Automation of processes, where possible, eliminates unnecessary manpower requirements, allowing resources to be allocated elsewhere, where they can do more good. It also creates a “humanless” consistency that is more accurate, secure and reliable.
There are many elements that work together to create that frictionless experience that customers are crying out for. These include:
1. Compliance by design. The main element that enables standardized compliance across any financial institution is a standardized regulatory policy complimented by automation. A centralized repository of sound regulatory rules that encapsulate AML/KYC, data privacy, investor protection, tax, and OTC derivatives are essential to consistent process in collecting data and documentation from clients, no matter the channel.
2. Re-usable data and documentation. An API-first ecosystem allows data, workflow orchestration and rules to be exposed to multiple channels. The re-use of data and data convergence is rules-driven to ensure compliance with data privacy and local data laws and to facilitate substituted compliance for other regulatory pillars. Centralized client data management maintains a single, consistent view of the customer, enabling re-use of data for further transactions. This creates a smoother client experience and can have a significant positive impact on the lifecycle value of the relationship.

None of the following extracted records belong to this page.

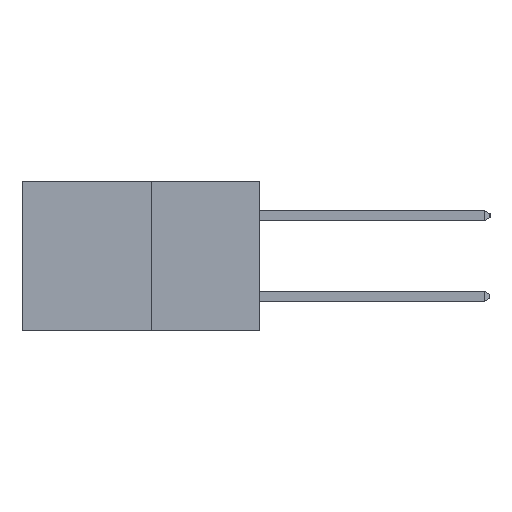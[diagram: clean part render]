
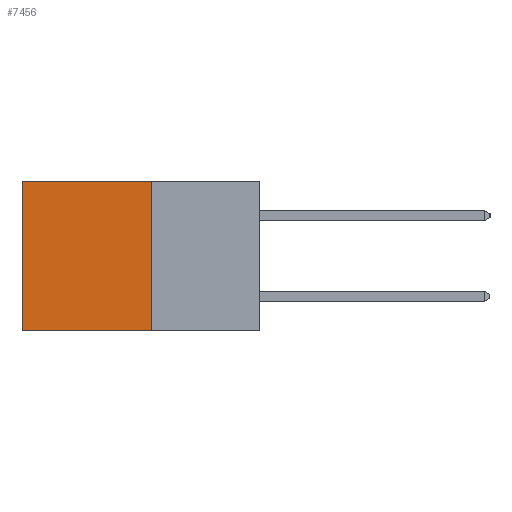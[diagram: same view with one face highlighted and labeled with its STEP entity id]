
A CAD part, left-side view. The second image highlights one B-rep face of the part: STEP entity #7456.
In plain terms, the highlighted planar face has unit normal (-1, 0, 0).
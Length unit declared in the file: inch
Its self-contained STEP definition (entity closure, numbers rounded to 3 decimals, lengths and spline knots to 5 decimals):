
#1016 = EDGE_LOOP ( 'NONE', ( #4485, #6538, #10273, #1672 ) ) ;
#1032 = EDGE_CURVE ( 'NONE', #12490, #11210, #9531, .T. ) ;
#1033 = VECTOR ( 'NONE', #3813, 39.37008 ) ;
#1192 = VERTEX_POINT ( 'NONE', #7943 ) ;
#1221 = LINE ( 'NONE', #4574, #7279 ) ;
#1672 = ORIENTED_EDGE ( 'NONE', *, *, #5910, .T. ) ;
#2606 = CARTESIAN_POINT ( 'NONE',  ( 0.277, 0.27, -0.37 ) ) ;
#2625 = DIRECTION ( 'NONE',  ( 1., 0., 0. ) ) ;
#3458 = DIRECTION ( 'NONE',  ( 0., 0., -1. ) ) ;
#3525 = VECTOR ( 'NONE', #13587, 39.37008 ) ;
#3813 = DIRECTION ( 'NONE',  ( 0., 0., -1. ) ) ;
#3930 = CARTESIAN_POINT ( 'NONE',  ( 0.277, 0.27, -0.37 ) ) ;
#4166 = FACE_OUTER_BOUND ( 'NONE', #1016, .T. ) ;
#4286 = LINE ( 'NONE', #3930, #12916 ) ;
#4426 = CARTESIAN_POINT ( 'NONE',  ( 0.277, 0.59, -0.37 ) ) ;
#4485 = ORIENTED_EDGE ( 'NONE', *, *, #11494, .T. ) ;
#4574 = CARTESIAN_POINT ( 'NONE',  ( 0.277, 0.27, 0. ) ) ;
#4717 = CARTESIAN_POINT ( 'NONE',  ( 0.277, 0.27, -0.37 ) ) ;
#5397 = DIRECTION ( 'NONE',  ( 0., 1., 0. ) ) ;
#5910 = EDGE_CURVE ( 'NONE', #8144, #1192, #1221, .T. ) ;
#6538 = ORIENTED_EDGE ( 'NONE', *, *, #1032, .F. ) ;
#7279 = VECTOR ( 'NONE', #5397, 39.37008 ) ;
#7456 = ADVANCED_FACE ( 'NONE', ( #4166 ), #8624, .F. ) ;
#7943 = CARTESIAN_POINT ( 'NONE',  ( 0.277, 0.59, 0. ) ) ;
#8144 = VERTEX_POINT ( 'NONE', #12994 ) ;
#8562 = CARTESIAN_POINT ( 'NONE',  ( 0.277, 0.59, -0.37 ) ) ;
#8624 = PLANE ( 'NONE',  #11949 ) ;
#9531 = LINE ( 'NONE', #4717, #3525 ) ;
#9655 = EDGE_CURVE ( 'NONE', #8144, #12490, #4286, .T. ) ;
#10273 = ORIENTED_EDGE ( 'NONE', *, *, #9655, .F. ) ;
#11210 = VERTEX_POINT ( 'NONE', #4426 ) ;
#11494 = EDGE_CURVE ( 'NONE', #1192, #11210, #13220, .T. ) ;
#11949 = AXIS2_PLACEMENT_3D ( 'NONE', #2606, #2625, #3458 ) ;
#12490 = VERTEX_POINT ( 'NONE', #14174 ) ;
#12916 = VECTOR ( 'NONE', #14356, 39.37008 ) ;
#12994 = CARTESIAN_POINT ( 'NONE',  ( 0.277, 0.27, 0. ) ) ;
#13220 = LINE ( 'NONE', #8562, #1033 ) ;
#13587 = DIRECTION ( 'NONE',  ( 0., 1., 0. ) ) ;
#14174 = CARTESIAN_POINT ( 'NONE',  ( 0.277, 0.27, -0.37 ) ) ;
#14356 = DIRECTION ( 'NONE',  ( 0., 0., -1. ) ) ;

3. External connection to KYC utilities. KYC utilities form one part of the technology arsenal that powers a digital end-to-end onboarding process. Centralizing customer data and documents from several financial institutions focused on the same population of customers should reduce duplication of work and content across the financial services sector, making compliance easier.
4. Technology and data ecosystem. Essential to a truly digital approach is not only one piece of technology but a cohesive ecosystem. A technology ecosystem is able to join up all data providers and external systems to create an end-to-end flow of data and documents throughout the client lifecycle. This also allows for new technology to interface with older legacy technology to boost efficiencies without extra cost.
5. Digital KYC. A rules-driven solution with a risk-based approach can leverage the efficiency of technology and the discernment of a regulatory expert, without the unnecessary headcount. KYC managed by exception reduces the need for manual intervention. Automated KYC refresh takes an event-driven approach, which allows real-time KYC refresh for high-tech, low-touch compliance.
6. Client/bank portals. Digital portals will be key for financial institutions looking to create a seamless, user-friendly journey. Whether hosted independently by the bank or via a third party, a client-facing portal can enable clients to self-serve and upload their own documents and data, without being mediated by a relationship manager, only once all other automated methods have been exhausted.
Taking a Hard Look at Your Current Program
For many financial institutions, the term “global mindset” may be used often, but the key question is: How global are your processes and technology stacks?
It is not enough to maintain a global brand image while still having disjointed client-facing practices or procedures for employees. Standardization, particularly within an area that causes such disturbance to clients during onboarding such as regulatory compliance, replaces friction with simplification.
By centralizing compliance rules and automating this typically manual process, the firm can establish consistency across all channels, in any country or line of business. This, ultimately, will let financial institutions stand on solid ground and serve their clients in a consistently streamlined fashion.
The digital client experience is becoming increasingly global. In today’s competitive market, it’s time for global financial institutions to solve the root of the problem and set themselves up for success going forward. Protecting your brand against regulatory fines and centralizing rules in a single repository future-proofs your firm and its regulatory compliance, for the next decade and beyond.